4- Denmark is a progressist democracy, so there are no racists here
Many internationals (myself included) are startled, when they begin to understand Danish enough to follow political debates, about the way Danish media and politicians talk about immigration and foreigners in general (in their rhetoric, they separate “western” vs “non-western” immigrants, yet nobody can clearly explain to me what is “western”). Some label it as racism, but in my opinion, it has to do with the fact that Danes talk very openly about the challenges of immigration and integration, while many other countries tend to avoid talking about it, or use a very careful language when doing so. There is also a part of ignorance or maybe naivity, as the Danes are a very homogeneous people, with no history of colonization or mass immigration, and therefore simply do not know how to behave with people who are not like them, or what is offensive to some cultures. For example during the introduction week at university,the dress-up theme was America (they call it the Western party). One student dressed up as Barack Obama, certainly out of admiration, as Obama is very popular here. But that included painting his face black, which was understandably met with shock and anger from some people who saw it as a reenactement of ancient racist practices. The year after, someone dressed up as Donald Trump with an orange face and a wig, showing that the intention was the same, just care-free dress-up. However this time nobody was offended. And of course there is a fear discourse spread by some media and politicians who want to blame every problem on refugees and immigrants, but that sadly seems to be the case in many country nowadays.

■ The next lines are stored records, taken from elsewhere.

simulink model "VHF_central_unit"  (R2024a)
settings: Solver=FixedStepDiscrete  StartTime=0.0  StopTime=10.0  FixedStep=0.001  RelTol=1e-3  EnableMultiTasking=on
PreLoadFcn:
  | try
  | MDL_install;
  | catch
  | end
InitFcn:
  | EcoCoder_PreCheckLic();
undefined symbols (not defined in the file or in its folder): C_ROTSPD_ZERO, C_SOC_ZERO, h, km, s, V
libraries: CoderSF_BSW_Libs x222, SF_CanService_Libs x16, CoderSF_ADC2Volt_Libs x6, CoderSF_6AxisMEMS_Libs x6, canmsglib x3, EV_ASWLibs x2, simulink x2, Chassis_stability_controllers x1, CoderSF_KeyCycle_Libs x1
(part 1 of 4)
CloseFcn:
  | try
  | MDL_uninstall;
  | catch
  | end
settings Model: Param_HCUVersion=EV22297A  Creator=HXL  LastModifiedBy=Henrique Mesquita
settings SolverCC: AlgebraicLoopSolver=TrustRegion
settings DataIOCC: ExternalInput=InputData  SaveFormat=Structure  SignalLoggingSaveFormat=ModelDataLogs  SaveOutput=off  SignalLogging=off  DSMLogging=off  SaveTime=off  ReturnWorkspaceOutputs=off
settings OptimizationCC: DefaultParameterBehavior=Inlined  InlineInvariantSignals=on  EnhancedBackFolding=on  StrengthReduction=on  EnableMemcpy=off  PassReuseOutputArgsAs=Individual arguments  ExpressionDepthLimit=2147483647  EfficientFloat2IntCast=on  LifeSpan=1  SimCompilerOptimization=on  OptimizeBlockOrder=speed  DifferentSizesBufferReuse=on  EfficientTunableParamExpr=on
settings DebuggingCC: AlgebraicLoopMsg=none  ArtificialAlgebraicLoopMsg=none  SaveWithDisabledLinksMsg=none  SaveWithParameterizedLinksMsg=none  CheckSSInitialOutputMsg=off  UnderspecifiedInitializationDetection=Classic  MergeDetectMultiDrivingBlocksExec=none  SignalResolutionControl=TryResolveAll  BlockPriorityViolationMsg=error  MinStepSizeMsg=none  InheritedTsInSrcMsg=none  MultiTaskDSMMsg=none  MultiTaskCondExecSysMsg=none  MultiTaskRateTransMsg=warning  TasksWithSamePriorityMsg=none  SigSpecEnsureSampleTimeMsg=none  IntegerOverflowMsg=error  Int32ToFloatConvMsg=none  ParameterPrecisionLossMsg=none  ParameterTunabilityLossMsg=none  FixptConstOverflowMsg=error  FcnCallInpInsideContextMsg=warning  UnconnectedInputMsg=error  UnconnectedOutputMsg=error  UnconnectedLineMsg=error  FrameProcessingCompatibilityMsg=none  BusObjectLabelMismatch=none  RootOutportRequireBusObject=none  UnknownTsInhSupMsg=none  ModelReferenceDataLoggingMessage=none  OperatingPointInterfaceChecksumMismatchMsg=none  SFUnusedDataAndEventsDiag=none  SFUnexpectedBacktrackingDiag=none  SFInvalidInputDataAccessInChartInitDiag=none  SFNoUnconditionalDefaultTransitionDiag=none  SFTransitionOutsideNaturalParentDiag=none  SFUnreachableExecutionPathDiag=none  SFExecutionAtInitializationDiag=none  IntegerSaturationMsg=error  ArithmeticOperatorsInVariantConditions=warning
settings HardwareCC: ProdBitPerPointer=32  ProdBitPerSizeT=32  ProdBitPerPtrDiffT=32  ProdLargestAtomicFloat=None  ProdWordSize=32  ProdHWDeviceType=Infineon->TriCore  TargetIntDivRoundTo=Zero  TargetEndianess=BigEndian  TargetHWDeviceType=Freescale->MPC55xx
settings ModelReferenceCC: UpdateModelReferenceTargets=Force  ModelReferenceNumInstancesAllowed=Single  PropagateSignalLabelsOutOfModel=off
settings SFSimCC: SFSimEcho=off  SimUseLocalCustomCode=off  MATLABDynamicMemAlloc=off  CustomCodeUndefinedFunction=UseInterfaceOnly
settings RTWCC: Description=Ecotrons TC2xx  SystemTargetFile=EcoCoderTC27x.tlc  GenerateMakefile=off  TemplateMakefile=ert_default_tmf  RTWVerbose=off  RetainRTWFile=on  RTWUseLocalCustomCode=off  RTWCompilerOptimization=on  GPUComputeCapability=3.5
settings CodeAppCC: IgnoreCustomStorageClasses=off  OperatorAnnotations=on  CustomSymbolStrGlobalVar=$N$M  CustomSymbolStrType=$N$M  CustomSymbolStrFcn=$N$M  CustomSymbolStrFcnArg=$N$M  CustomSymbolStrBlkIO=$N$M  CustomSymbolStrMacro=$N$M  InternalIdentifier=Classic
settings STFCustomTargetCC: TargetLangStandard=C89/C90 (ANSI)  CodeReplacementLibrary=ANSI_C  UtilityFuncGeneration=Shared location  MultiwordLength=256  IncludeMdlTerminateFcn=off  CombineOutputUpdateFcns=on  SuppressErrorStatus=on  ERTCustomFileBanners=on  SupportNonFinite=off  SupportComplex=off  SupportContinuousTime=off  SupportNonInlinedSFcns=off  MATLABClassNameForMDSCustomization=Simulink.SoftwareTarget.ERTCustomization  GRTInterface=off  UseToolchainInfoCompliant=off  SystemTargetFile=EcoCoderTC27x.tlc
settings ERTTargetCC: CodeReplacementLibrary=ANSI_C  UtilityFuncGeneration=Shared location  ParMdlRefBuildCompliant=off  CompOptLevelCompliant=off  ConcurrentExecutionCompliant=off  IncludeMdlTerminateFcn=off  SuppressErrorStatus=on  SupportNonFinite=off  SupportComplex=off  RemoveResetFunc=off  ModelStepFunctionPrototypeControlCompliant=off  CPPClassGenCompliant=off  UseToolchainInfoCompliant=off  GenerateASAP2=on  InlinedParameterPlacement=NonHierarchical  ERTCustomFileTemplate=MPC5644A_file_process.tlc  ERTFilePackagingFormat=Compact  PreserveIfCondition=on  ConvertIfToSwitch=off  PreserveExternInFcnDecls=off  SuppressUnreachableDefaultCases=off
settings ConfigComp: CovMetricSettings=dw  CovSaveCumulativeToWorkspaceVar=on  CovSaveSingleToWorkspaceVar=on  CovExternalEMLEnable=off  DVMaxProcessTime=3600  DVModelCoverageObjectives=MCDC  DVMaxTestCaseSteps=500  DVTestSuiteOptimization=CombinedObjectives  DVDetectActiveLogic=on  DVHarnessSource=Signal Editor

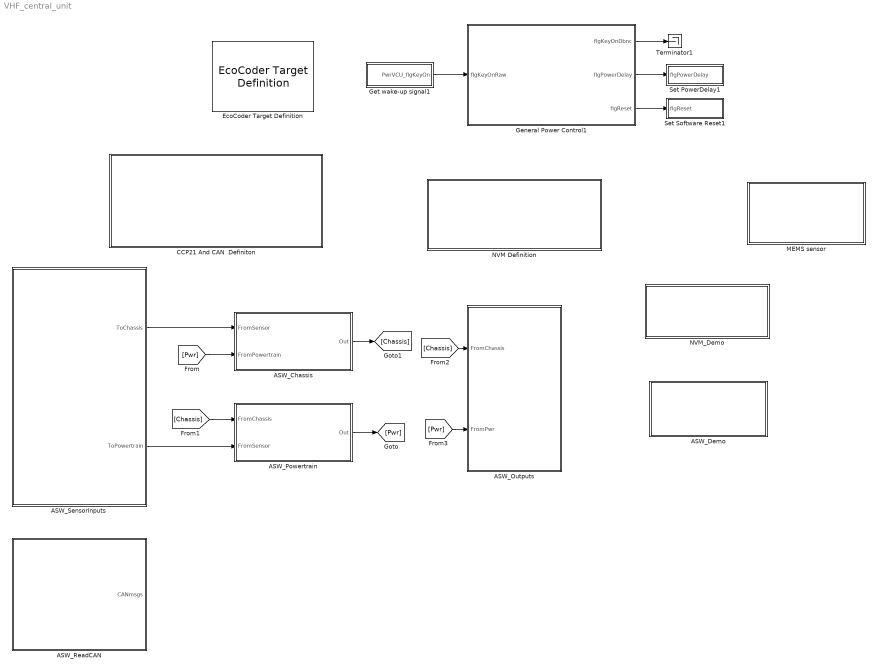
== system VHF_central_unit ==
  ASW_Chassis : Subsystem
  ASW_Demo : Subsystem  Priority=3
      settings: AttributesFormatString=%<Priority>
  ASW_Outputs : Subsystem
  ASW_Powertrain : Subsystem
  ASW_ReadCAN : Subsystem
  ASW_SensorInputs : Subsystem
  CCP21 And CAN  Definiton : Subsystem
  EcoCoder Target Definition : CoderSF_BSW_Libs/EcoCoder Target Definition  targetECU=EV22297A  EcoCoderBlockID=T001_Target  enNoTriggerCall=on  flgBlockReduction=on  flgShowDebugDisp=off  flgDisTargetOutFIleCounter=off  flgClearAllOldFiles=on  tc275_cal_len=hex2dec('00008000')  ipVal='192.168.0.123'  userName='nvidia'  passWord='nvidia'  workSpace='~/cmake_ws'  libraryLink=''  enExt=on  portExt=17725  Thread_D_pers=[1,1,5,10,20]  Thread_D_sizesStackDW=[500,380,350,360,370]  Thread_D_prioritysVal=[23,9,16,17,18]  internal_flash=[hex2dec('00020000'),hex2dec('000E0000')]  cal_rom_phy=[hex2dec('00010000'),hex2dec('00002000')]  cal_ram_wp=[hex2dec('4000F000'),hex2dec('00002000')]  cal_ram_msm=[hex2dec('40000000'),hex2dec('00002000')]  var_ram_wp=[hex2dec('40002000'),hex2dec('0000D000')]  write_back_fixed_ram=[hex2dec('40011000'),hex2dec('00001000')]  write_back_unfixed_ram=[hex2dec('40012000'),hex2dec('00001000')]  stack=[hex2dec('40013000'),hex2dec('00001000')]
      settings: AttributesFormatString=Target :%<targetECU>
  General Power Control1 : Subsystem  Priority=1  TreatAsAtomicUnit=on  mask(General Power Control V1.2){}
      settings: AttributesFormatString=Priority:%<Priority>
      mask Display: disp('Power Control V2.0');
  Get wake-up signal1 : Subsystem
  MEMS sensor : Subsystem
  NVM Definition : Subsystem
  NVM_Demo : Subsystem  Priority=2
      settings: AttributesFormatString=%<Priority>
  Set PowerDelay1 : Subsystem
  Set Software Reset1 : Subsystem
  Terminator1 : Terminator
  wires:
  General Power Control1/1(flgKeyOnDbnc) -> Terminator1/1
  General Power Control1/3(flgReset) -> Set Software Reset1/1(flgReset)
  Get wake-up signal1/1(PwrVCU_flgKeyOn) -> General Power Control1/1(flgKeyOnRaw)
  General Power Control1/2(flgPowerDelay) -> Set PowerDelay1/1(flgPowerDelay)
  ASW_SensorInputs/2(ToPowertrain) -> ASW_Powertrain/2(FromSensor)
  ASW_SensorInputs/1(ToChassis) -> ASW_Chassis/1(FromSensor)
  [Pwr] -> ASW_Chassis/2(FromPowertrain)
  [Chassis] -> ASW_Powertrain/1(FromChassis)
  ASW_Chassis/1(Out) -> [Chassis]
  ASW_Powertrain/1(Out) -> [Pwr]
  [Chassis] -> ASW_Outputs/1(FromChassis)
  [Pwr] -> ASW_Outputs/2(FromPwr)

== system VHF_central_unit/ASW_Chassis ==
  FromSensor : Inport
  FromPowertrain : Inport  Port=2
  Electronic Differential control : Subsystem
  Reasoning : Subsystem
  Vehicle Longitudinal Control : Subsystem
  Out : Outport

== system VHF_central_unit/ASW_Demo ==
  01  process input signals : Subsystem
  02 vehicle motion request : Subsystem
  03 electrical supply management : Subsystem
  "04 powertrain control " : Subsystem
  05 thermal management : Subsystem
  06 process output signals : Subsystem
  wires:
  01  process input signals/4(sigInTm_rotspd) -> "04 powertrain control "/3(sigInTm_rotspd)
  05 thermal management/1(thrmlFan_flgCoolLoSpdEn) -> 06 process output signals/4(thrmlFan_flgCoolLoSpdEn)
  "04 powertrain control "/2(pwrtrnBmscPack_flgConnReq) -> 06 process output signals/3(pwrtrnBmscPack_flgConnReq)
  "04 powertrain control "/1(pwrtrnTmc_trqCmd) -> 06 process output signals/2(pwrtrnTmc_trqCmd)
  03 electrical supply management/1(esmcDcdc_flgEn) -> 06 process output signals/1(esmcDcdc_flgEn)
  01  process input signals/3(sigInBms_soc) -> "04 powertrain control "/2(sigInBms_soc)
  02 vehicle motion request/1(vehDrv_trqReq) -> "04 powertrain control "/1(vehDrv_trqReq)
  01  process input signals/2(sigInDrvPedacc_pct) -> 02 vehicle motion request/1(sigInDrvPedacc_pct)
  01  process input signals/1(sigInEsmBatt_volt) -> 03 electrical supply management/1(sigInEsmBatt_volt)

== system VHF_central_unit/ASW_Outputs ==
  FromChassis : Inport
  FromPwr : Inport  Port=2
  Command DCDC Converter : Subsystem
  Command GenSys : Subsystem
  Command Inverter 1 : Subsystem
  Command Inverter 2 : Subsystem

== system VHF_central_unit/ASW_Powertrain ==
  FromChassis : Inport
  FromSensor : Inport  Port=2
  Command DCDC Converter : Subsystem
  Command GenSys : Subsystem
  Command Inverter 1 : Subsystem
  Command Inverter 2 : Subsystem
  Energy management : Subsystem
  System Protection : Subsystem
  Out : Outport

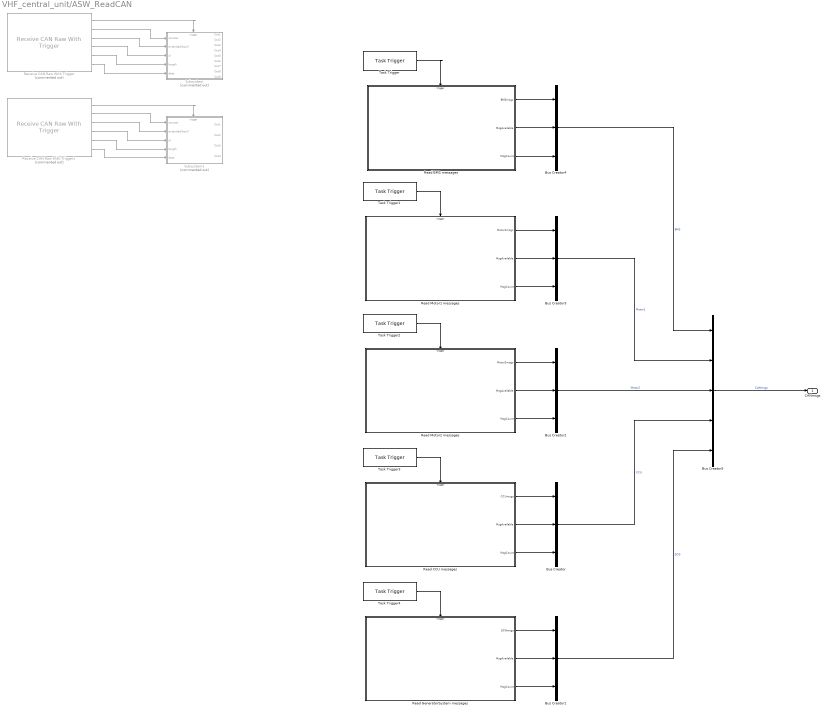
== system VHF_central_unit/ASW_ReadCAN ==
  Bus Creator{,1..4} (5 alike) : BusCreator  Inputs=3
  Bus Creator5 : BusCreator  Inputs=5
  Read BMS messages : Subsystem
  Read CCU messages : Subsystem
  Read GeneratorSystem messages : Subsystem
  Read Motor1 messages : Subsystem
  Read Motor2 messages : Subsystem
  Receive CAN Raw With Trigger : CoderSF_BSW_Libs/CAN/Receive CAN Raw With Trigger  Commented=on  channel=CAN_A
  Receive CAN Raw With Trigger1 : CoderSF_BSW_Libs/CAN/Receive CAN Raw With Trigger  Commented=on  channel=CAN_B
  Subsystem : Subsystem  Commented=on
  Subsystem1 : Subsystem  Commented=on
  Task Trigger{,1..4} (5 alike) : CoderSF_BSW_Libs/Task Scheduler/Task Trigger  tasktimeIndex=Task_L20ms
  CANmsgs : Outport
  wires:
  Receive CAN Raw With Trigger/2 -> Subsystem/1(remote)
  Receive CAN Raw With Trigger/3 -> Subsystem/2(extended(bool))
  Receive CAN Raw With Trigger/4 -> Subsystem/3(id)
  Receive CAN Raw With Trigger/5 -> Subsystem/4(length)
  Receive CAN Raw With Trigger/6 -> Subsystem/5(data)
  Receive CAN Raw With Trigger/1 -> Subsystem/Trigger
  Receive CAN Raw With Trigger1/4 -> Subsystem1/3(id)
  Receive CAN Raw With Trigger1/3 -> Subsystem1/2(extended(bool))
  Receive CAN Raw With Trigger1/6 -> Subsystem1/5(data)
  Receive CAN Raw With Trigger1/5 -> Subsystem1/4(length)
  Receive CAN Raw With Trigger1/2 -> Subsystem1/1(remote)
  Receive CAN Raw With Trigger1/1 -> Subsystem1/Trigger
  Task Trigger/1 -> Read BMS messages/Trigger
  Task Trigger3/1 -> Read CCU messages/Trigger
  Task Trigger4/1 -> Read GeneratorSystem messages/Trigger
  Task Trigger1/1 -> Read Motor1 messages/Trigger
  Task Trigger2/1 -> Read Motor2 messages/Trigger
  Read CCU messages/2(MsgAvailable) -> Bus Creator/2
  Read CCU messages/1(CCUmsgs) -> Bus Creator/1
  Read CCU messages/3(MsgCount) -> Bus Creator/3
  Read GeneratorSystem messages/1(SCGmsgs) -> Bus Creator1/1
  Read GeneratorSystem messages/2(MsgAvailable) -> Bus Creator1/2
  Read GeneratorSystem messages/3(MsgCount) -> Bus Creator1/3
  Read Motor2 messages/3(MsgCount) -> Bus Creator2/3
  Read Motor2 messages/2(MsgAvailable) -> Bus Creator2/2
  Read Motor2 messages/1(Motor2msgs) -> Bus Creator2/1
  Read Motor1 messages/1(Motor1msgs) -> Bus Creator3/1
  Read Motor1 messages/2(MsgAvailable) -> Bus Creator3/2
  Read Motor1 messages/3(MsgCount) -> Bus Creator3/3
  Read BMS messages/1(BMSmsgs) -> Bus Creator4/1
  Read BMS messages/2(MsgAvailable) -> Bus Creator4/2
  Read BMS messages/3(MsgCount) -> Bus Creator4/3
  Bus Creator5/1 -> CANmsgs/1  "CANmsgs"
  Bus Creator2/1 -> Bus Creator5/3  "Motor2"
  Bus Creator3/1 -> Bus Creator5/2  "Motor1"
  Bus Creator4/1 -> Bus Creator5/1  "BMS"
  Bus Creator/1 -> Bus Creator5/4  "CCU"
  Bus Creator1/1 -> Bus Creator5/5  "SCG"

== system VHF_central_unit/ASW_SensorInputs ==
  02 vehicle motion request : Subsystem
  Accelerator read : Subsystem
  Brake read : Subsystem
  MEMS sensor read : Subsystem
  Output Routing : Subsystem
  Read BMS msgs : Subsystem
  Read DCDC converter msgs : Subsystem
  Read GenSys msgs : Subsystem
  Read Inverter 1 : Subsystem
  Read Inverter 2 : Subsystem
  ToChassis : Outport
  ToPowertrain : Outport  Port=2
  wires:
  Accelerator read/1(thrtl) -> 02 vehicle motion request/1(sigInDrvPedacc_pct)
  Brake read/1(brk) -> ?
  Output Routing/2(ToPowertrain) -> ToPowertrain/1
  Output Routing/1(ToChassis) -> ToChassis/1

== system VHF_central_unit/CCP21 And CAN  Definiton ==
  CAN Channel Definition : CoderSF_BSW_Libs/CAN/CAN Channel Definition  channel=CAN_A  can_en=on  can_idfilter=off  can_rxextended=on  can_rxMask=hex2dec('0')  can_rxID=hex2dec('200')  can_baudrateIndex=500  can_txbuffer_size=hex2dec('60')  can_rxbuffer_size=1  can_en_fd=off  nominalSamplePoint=7500  can_baudrateIndex_data=1000  fastSamplePoint=7500  canfd_txbuffer_size=5  EcoCoderBlockID=C001_CANDef
  CAN Channel Definition1 : CoderSF_BSW_Libs/CAN/CAN Channel Definition  channel=CAN_B  can_en=on  can_idfilter=off  can_rxextended=on  can_rxMask=hex2dec('0')  can_rxID=hex2dec('800')  can_baudrateIndex=500  can_txbuffer_size=30  can_rxbuffer_size=1  can_en_fd=off  nominalSamplePoint=7500  can_baudrateIndex_data=1000  fastSamplePoint=7500  canfd_txbuffer_size=5  EcoCoderBlockID=C001_CANDef
  CAN Channel Definition2 : CoderSF_BSW_Libs/CAN/CAN Channel Definition  channel=CAN_C  can_en=on  can_idfilter=off  can_rxextended=on  can_rxMask=hex2dec('0')  can_rxID=hex2dec('100')  can_baudrateIndex=500  can_txbuffer_size=hex2dec('A')+hex2dec('20')+hex2dec('30')+hex2dec('50')+5  can_rxbuffer_size=1  can_en_fd=off  nominalSamplePoint=7500  can_baudrateIndex_data=1000  fastSamplePoint=7500  canfd_txbuffer_size=5  EcoCoderBlockID=C001_CANDef
  CAN Channel Definition3 : CoderSF_BSW_Libs/CAN/CAN Channel Definition  channel=CAN_D  can_en=on  can_idfilter=on  can_rxextended=on  can_rxMask=hex2dec('0')  can_rxID=hex2dec('100')  can_baudrateIndex=250  can_txbuffer_size=hex2dec('A')+hex2dec('20')+hex2dec('30')+hex2dec('50')+5  can_rxbuffer_size=1  can_en_fd=off  nominalSamplePoint=7500  can_baudrateIndex_data=1000  fastSamplePoint=7500  canfd_txbuffer_size=5  EcoCoderBlockID=C001_CANDef
  CAN Channel Definition4 : CoderSF_BSW_Libs/CAN/CAN Channel Definition  channel=CAN_E  can_en=on  can_idfilter=on  can_rxextended=on  can_rxMask=hex2dec('0')  can_rxID=hex2dec('100')  can_baudrateIndex=250  can_txbuffer_size=hex2dec('A')+hex2dec('20')+hex2dec('30')+hex2dec('50')+5  can_rxbuffer_size=1  can_en_fd=off  nominalSamplePoint=7500  can_baudrateIndex_data=1000  fastSamplePoint=7500  canfd_txbuffer_size=5  EcoCoderBlockID=C001_CANDef
  CAN Channel Definition5 : CoderSF_BSW_Libs/CAN/CAN Channel Definition  channel=CAN_F  can_en=on  can_idfilter=on  can_rxextended=on  can_rxMask=hex2dec('0')  can_rxID=hex2dec('100')  can_baudrateIndex=500  can_txbuffer_size=hex2dec('A')+hex2dec('20')+hex2dec('30')+hex2dec('50')+5  can_rxbuffer_size=1  can_en_fd=off  nominalSamplePoint=7500  can_baudrateIndex_data=1000  fastSamplePoint=7500  canfd_txbuffer_size=5  EcoCoderBlockID=C001_CANDef
  Fixed CCP Slave Definition : CoderSF_BSW_Libs/CCP/Fixed CCP Slave Definition  ccp_enSet=on  ccp_disASW=off  channel=CAN_C  stationaddressSet=hex2dec('0112')  croidSet=hex2dec('200')  dtoidSet=hex2dec('201')  daqidSet=[hex2dec('210') hex2dec('211') hex2dec('212') hex2dec('213')]  daqpidSet=[hex2dec('0') hex2dec('0') hex2dec('0') hex2dec('0')]  daqlenSet=[hex2dec('A') hex2dec('20') hex2dec('30') hex2dec('50')]  dtoTaskTrigger=Task_H1ms  daq0TaskTrigger=Task_L1ms  daq1TaskTrigger=Task_L1ms  daq2TaskTrigger=Task_L1ms  daq3TaskTrigger=Task_L1ms  daqperSet=[10 20 100 200]  EcoCoderBlockID=C002_CCP21Conf

== system VHF_central_unit/General Power Control1 ==
  flgKeyOnRaw : Inport
  Constant1 : Constant  Value=0
  Control KeyCycle : Subsystem
  Control Restore All NVM Data : Subsystem
  Debounce KeyOn : Subsystem
  Enable Restore And Store NVM : Subsystem
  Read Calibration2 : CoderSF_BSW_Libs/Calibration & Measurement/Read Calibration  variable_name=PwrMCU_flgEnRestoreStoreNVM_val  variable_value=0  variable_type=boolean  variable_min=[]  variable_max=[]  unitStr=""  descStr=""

So once you’ve acknowledged and moved past these misconceptions, and just realised that there is no such thing as a perfect country, you can start appreciating the good things about Denmark, which for me personally are:
– The Danes are laid-back and informal
Pyt means “just let it go, doesn’t matter”, and I think it’s a word even more important than the very hyped hygge. That’s how they achieve contentment. Danes rarely ever complain, even when it’s past midnight and it takes double the time to get from Copenhagen to Aarhus, because the train tracks are being renovated, including two changes and a crowded bus ride in the middle of Funen island. I was truly amazed that people were still smiling there… They also never try to feel better by making others feel worse. Arrogance, big egos or superficial judgements have no place in Denmark. All in all, they don’t take themselves very seriously and they have empathy for others.
– Life is easy here
No corruption, no war, no violence, no thieves, no political oppression, no street harassment, free education, free health care, good work-life balance. You can trust your neighbour and the welfare state has your back to take care of you and your family if you suddenly can’t. Having your basic needs covered is the solid foundation that one needs for a fulfilled life.
– Nothing is taboo
Naked bodies, stretch marks, peeing your pants, finding your newborn child ugly, religious extremism, there is nothing that you can’t talk or laugh about in Denmark, and in doing that you never have to fear people’s disapproval. They value freedom of speech very highly. And as one of my favourite quotes from Voltaire goes “I disapprove of what you say, but I will defend to the death your right to say it”. I think I have found the right country for me.